Only the lines from the line holding "circle A0 centre (0, 0) radius 2500" through the final line of the entries below are to be returned, exactly as they stand.

Dataset entries

━━━━━━━━

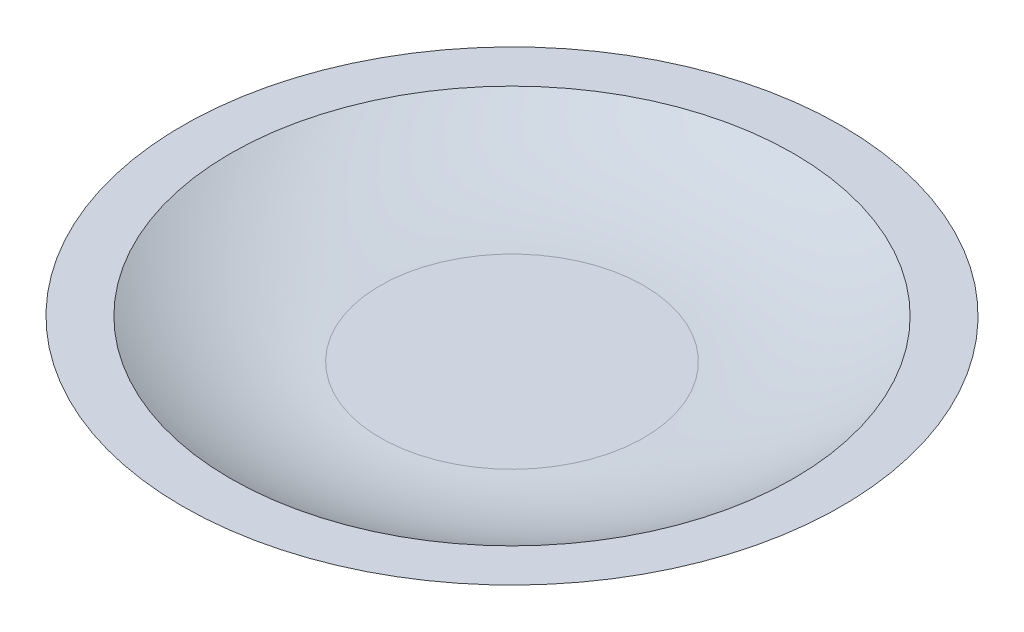
SolidWorks part; units mm, degrees
material "Titanium Ti-8Mn, Annealed"
ref_plane "Front Plane" through (0, 0, 0) normal (0, 0, 1) x (1, 0, 0)
ref_plane "Top Plane" through (0, 0, 0) normal (0, 1, 0) x (1, 0, 0)
ref_plane "Right Plane" through (0, 0, 0) normal (1, 0, 0) x (0, 0, -1)
sketch "Sketch1" plane through (0, 0, 0) normal (0, 1, 0) x (1, 0, 0)
  circle A0 centre (0, 0) radius 2500
  dimension "D1" = 5000
extrude "Boss-Extrude1" add sketch "Sketch1" against normal blind 500 contours A0
fillet "Fillet1" radius 2500 1 edges at (0, -500, 2500)
shell "Shell1" thickness 200 removed face at (0, 0, 2500)

━━━━━━━━

Exercise output
  circle A0 centre (0, 0) radius 2500
  dimension "D1" = 5000
extrude "Boss-Extrude1" add sketch "Sketch1" against normal blind 500 contours A0
fillet "Fillet1" radius 2500 1 edges at (0, -500, 2500)
shell "Shell1" thickness 200 removed face at (0, 0, 2500)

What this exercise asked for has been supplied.